TASK INSTRUCTIONS: Keep to one stretch of the data below, the lines from the one with "C matrix/2(C12) -> Subsystem3/2(C12)" up to and including the one with "Integrator3/1 -> Mux/1, q1", and return that stretch exactly.
── DATASET RECORDS ──
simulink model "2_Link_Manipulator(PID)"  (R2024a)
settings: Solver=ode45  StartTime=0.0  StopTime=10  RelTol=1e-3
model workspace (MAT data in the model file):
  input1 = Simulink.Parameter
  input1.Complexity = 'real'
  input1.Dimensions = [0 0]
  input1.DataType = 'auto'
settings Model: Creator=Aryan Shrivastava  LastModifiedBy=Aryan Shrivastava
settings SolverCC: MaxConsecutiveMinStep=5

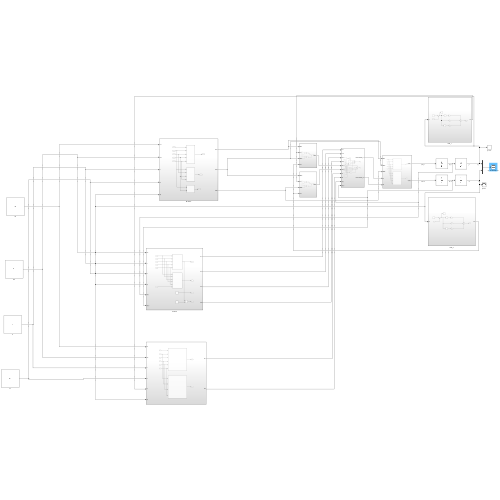
[thumbnail: Simulink's stored preview of the top-level diagram]
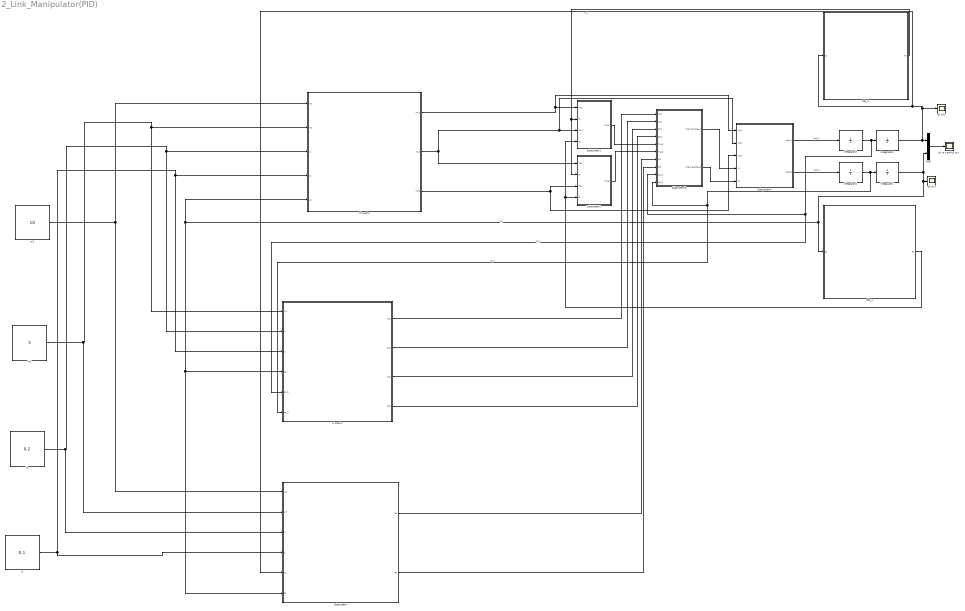
== system 2_Link_Manipulator(PID) ==
  C matrix : Subsystem
  Integrator1 : Integrator  InitialCondition=0.1
  Integrator2 : Integrator
  Integrator3 : Integrator  InitialCondition=0.1
  Integrator4 : Integrator
  M matrix : Subsystem
  Mux : Mux  Inputs=2
  PID_1 : Subsystem
  PID_2 : Subsystem
  Subsystem : Subsystem
  Subsystem1 : Subsystem
  Subsystem2 : Subsystem
  Subsystem3 : Subsystem
  Subsystem4 : Subsystem
  l1 : Constant  Value=0.2
  l2 : Constant  Value=0.1
  m1 : Constant  Value=10
  m2 : Constant  Value=5
  q1 vs t : Scope
  q1 vs t and q2 vs t : Scope
  q2 vs t : Scope
  wires:
  Subsystem2/1(TAU2) -> Subsystem3/6(TAU2)
  Subsystem1/1(TAU1) -> Subsystem3/5(TAU1)
  Subsystem3/1(Intermediate_1) -> Subsystem4/4(I1)
  Subsystem3/2(Intermediate_2) -> Subsystem4/5(I2)
  Integrator2/1 -> Subsystem3/9(qd_1), C matrix/5(qd_1), Integrator3/1  "qd_1"
  Integrator4/1 -> Subsystem3/10(qd_2), C matrix/6(qd_2), Integrator1/1  "qd_2"
  Subsystem4/2(qdd_2) -> Integrator4/1  "qdd_2"
  Subsystem4/1(qdd_1) -> Integrator2/1  "qdd_1"
  Mux/1 -> q1 vs t and q2 vs t/1
  m1/1 -> Subsystem/1(m1), M matrix/1(m1)
  m2/1 -> Subsystem/2(m2), C matrix/1(m2), M matrix/2(m2)
  l1/1 -> Subsystem/3(l1), C matrix/2(l1), M matrix/3(l1)
  l2/1 -> Subsystem/4(l2), C matrix/3(l2), M matrix/4(l2)
  M matrix/1(M11) -> Subsystem4/1(M11), Subsystem1/1(M11)
  M matrix/2(M12) -> Subsystem4/2(M12), Subsystem1/3(M12), Subsystem2/1(M12)
  M matrix/3(M22) -> Subsystem2/3(M22), Subsystem4/3(M22)
  PID_1/1(F1) -> Subsystem2/2(F1), Subsystem1/2(F1)
  PID_2/1(F2) -> Subsystem1/4(F2), Subsystem2/4(F2)
  C matrix/1(C11) -> Subsystem3/1(C11)
  C matrix/2(C12) -> Subsystem3/2(C12)
  C matrix/3(C21) -> Subsystem3/3(C21)
  C matrix/4(C22) -> Subsystem3/4(C22)
  Subsystem/1(G1) -> Subsystem3/7(G1)
  Subsystem/2(G2) -> Subsystem3/8(G2)
  Integrator3/1 -> Mux/1, q1 vs t/1, Subsystem/5(q1), PID_1/1(q1)  "q_1"
  Integrator1/1 -> Subsystem/6(q2), C matrix/4(q2), M matrix/5(q2), PID_2/1(q2), q2 vs t/1, Mux/2  "q_2"

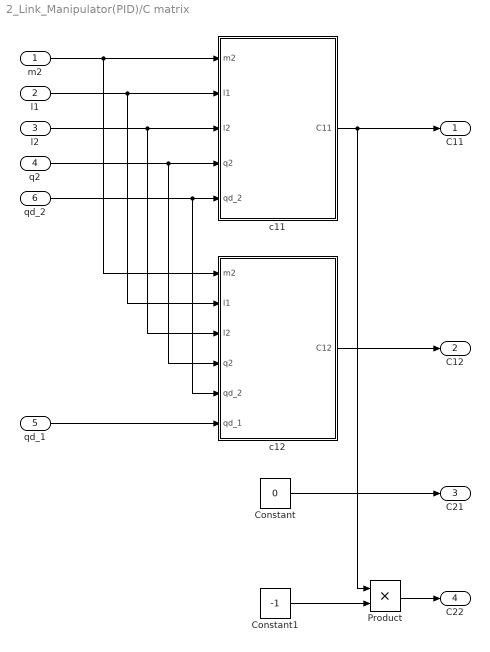
== system 2_Link_Manipulator(PID)/C matrix ==
  m2 : Inport
  l1 : Inport  Port=2
  l2 : Inport  Port=3
  q2 : Inport  Port=4
  qd_1 : Inport  Port=5
  qd_2 : Inport  Port=6
  Constant : Constant  Value=0
  Constant1 : Constant  Value=-1
  Product : Product
  c11 : Subsystem
  c12 : Subsystem
  C11 : Outport
  C12 : Outport  Port=2
  C21 : Outport  Port=3
  C22 : Outport  Port=4
  wires:
  Constant/1 -> C21/1
  c11/1(C11) -> Product/1, C11/1
  Constant1/1 -> Product/2
  m2/1 -> c12/1(m2), c11/1(m2)
  l1/1 -> c12/2(l1), c11/2(l1)
  l2/1 -> c12/3(l2), c11/3(l2)
  q2/1 -> c12/4(q2), c11/4(q2)
  qd_2/1 -> c12/5(qd_2), c11/5(qd_2)
  qd_1/1 -> c12/6(qd_1)
  c12/1(C12) -> C12/1
  Product/1 -> C22/1

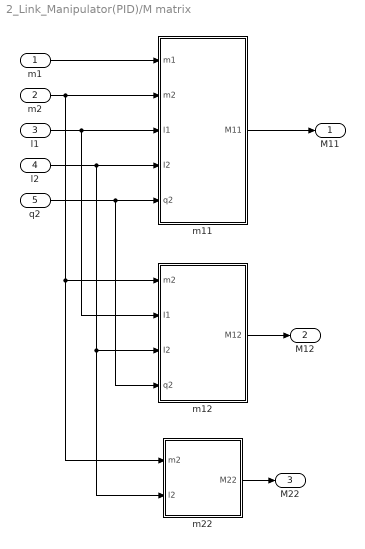
== system 2_Link_Manipulator(PID)/M matrix ==
  m1 : Inport
  m2 : Inport  Port=2
  l1 : Inport  Port=3
  l2 : Inport  Port=4
  q2 : Inport  Port=5
  m11 : Subsystem
  m12 : Subsystem
  m22 : Subsystem
  M11 : Outport
  M12 : Outport  Port=2
  M22 : Outport  Port=3
  wires:
  m1/1 -> m11/1(m1)
  m2/1 -> m22/1(m2), m12/1(m2), m11/2(m2)
  l1/1 -> m12/2(I1), m11/3(l1)
  l2/1 -> m22/2(l2), m12/3(I2), m11/4(I2)
  q2/1 -> m12/4(q2), m11/5(q2)
  m11/1(M11) -> M11/1
  m12/1(M12) -> M12/1
  m22/1(M22) -> M22/1

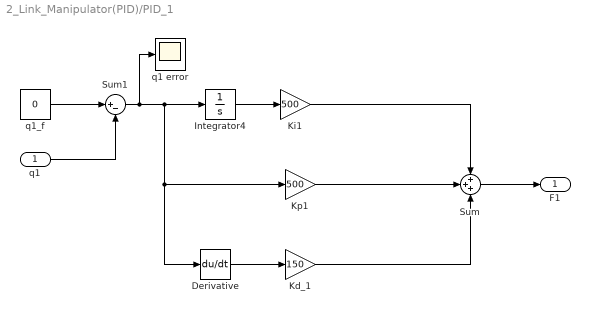
== system 2_Link_Manipulator(PID)/PID_1 ==
  q1 : Inport
  Derivative : Derivative
  Integrator4 : Integrator  InitialCondition=0.1
  Kd_1 : Gain  Gain=150
  Ki1 : Gain  Gain=500
  Kp1 : Gain  Gain=500
  Sum : Sum  Inputs=+++
  Sum1 : Sum  Inputs=|+-
  q1 error : Scope
  q1_f : Constant  Value=0
  F1 : Outport
  wires:
  Ki1/1 -> Sum/1
  Kd_1/1 -> Sum/3
  Sum/1 -> F1/1
  Kp1/1 -> Sum/2
  Integrator4/1 -> Ki1/1
  Sum1/1 -> q1 error/1, Integrator4/1, Derivative/1, Kp1/1
  q1/1 -> Sum1/2
  q1_f/1 -> Sum1/1
  Derivative/1 -> Kd_1/1

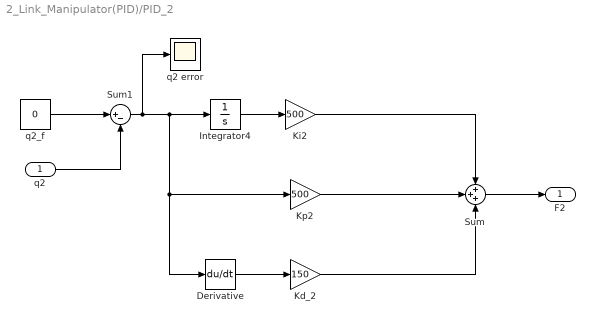
== system 2_Link_Manipulator(PID)/PID_2 ==
  q2 : Inport
  Derivative : Derivative
  Integrator4 : Integrator
  Kd_2 : Gain  Gain=150
  Ki2 : Gain  Gain=500
  Kp2 : Gain  Gain=500
  Sum : Sum  Inputs=+++
  Sum1 : Sum  Inputs=|+-
  q2 error : Scope
  q2_f : Constant  Value=0
  F2 : Outport
  wires:
  Ki2/1 -> Sum/1
  Kd_2/1 -> Sum/3
  Sum/1 -> F2/1
  Kp2/1 -> Sum/2
  Integrator4/1 -> Ki2/1
  Sum1/1 -> q2 error/1, Integrator4/1, Derivative/1, Kp2/1
  q2/1 -> Sum1/2
  q2_f/1 -> Sum1/1
  Derivative/1 -> Kd_2/1

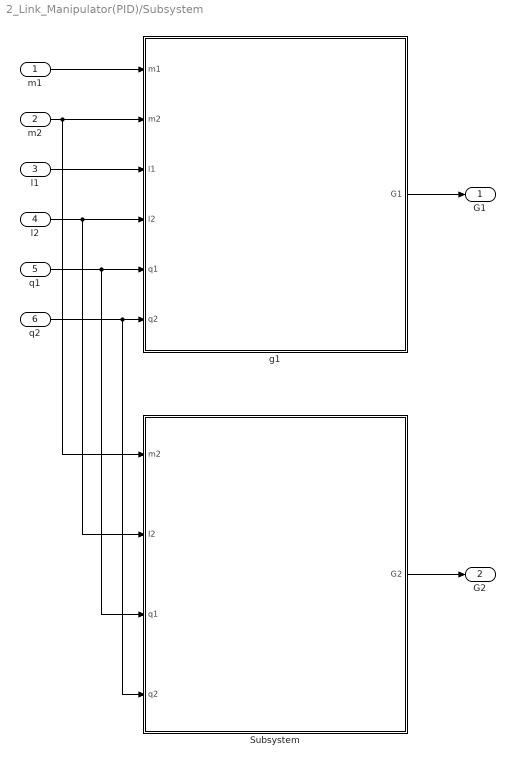
== system 2_Link_Manipulator(PID)/Subsystem ==
  m1 : Inport
  m2 : Inport  Port=2
  l1 : Inport  Port=3
  l2 : Inport  Port=4
  q1 : Inport  Port=5
  q2 : Inport  Port=6
  Subsystem : Subsystem
  g1 : Subsystem
  G1 : Outport
  G2 : Outport  Port=2
  wires:
  m2/1 -> g1/2(m2), Subsystem/1(m2)
  m1/1 -> g1/1(m1)
  l1/1 -> g1/3(l1)
  l2/1 -> Subsystem/2(I2), g1/4(l2)
  q1/1 -> g1/5(q1), Subsystem/3(q1)
  q2/1 -> Subsystem/4(q2), g1/6(q2)
  g1/1(G1) -> G1/1
  Subsystem/1(G2) -> G2/1

== system 2_Link_Manipulator(PID)/Subsystem1 ==
  M11 : Inport
  F1 : Inport  Port=2
  M12 : Inport  Port=3
  F2 : Inport  Port=4
  Product : Product
  Product1 : Product
  Sum : Sum  Inputs=|++
  TAU1 : Outport
  wires:
  M11/1 -> Product/1
  F1/1 -> Product/2
  M12/1 -> Product1/1
  F2/1 -> Product1/2
  Product/1 -> Sum/1
  Product1/1 -> Sum/2
  Sum/1 -> TAU1/1

== system 2_Link_Manipulator(PID)/Subsystem2 ==
  M12 : Inport
  F1 : Inport  Port=2
  M22 : Inport  Port=3
  F2 : Inport  Port=4
  Product : Product
  Product1 : Product
  Sum : Sum  Inputs=|++
  TAU2 : Outport
  wires:
  Product1/1 -> Sum/2
  F1/1 -> Product/2
  F2/1 -> Product1/2
  M12/1 -> Product/1
  Product/1 -> Sum/1
  M22/1 -> Product1/1
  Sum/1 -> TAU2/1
───
COMPLETED EXERCISE:
  C matrix/2(C12) -> Subsystem3/2(C12)
  C matrix/3(C21) -> Subsystem3/3(C21)
  C matrix/4(C22) -> Subsystem3/4(C22)
  Subsystem/1(G1) -> Subsystem3/7(G1)
  Subsystem/2(G2) -> Subsystem3/8(G2)
  Integrator3/1 -> Mux/1, q1 vs t/1, Subsystem/5(q1), PID_1/1(q1)  "q_1"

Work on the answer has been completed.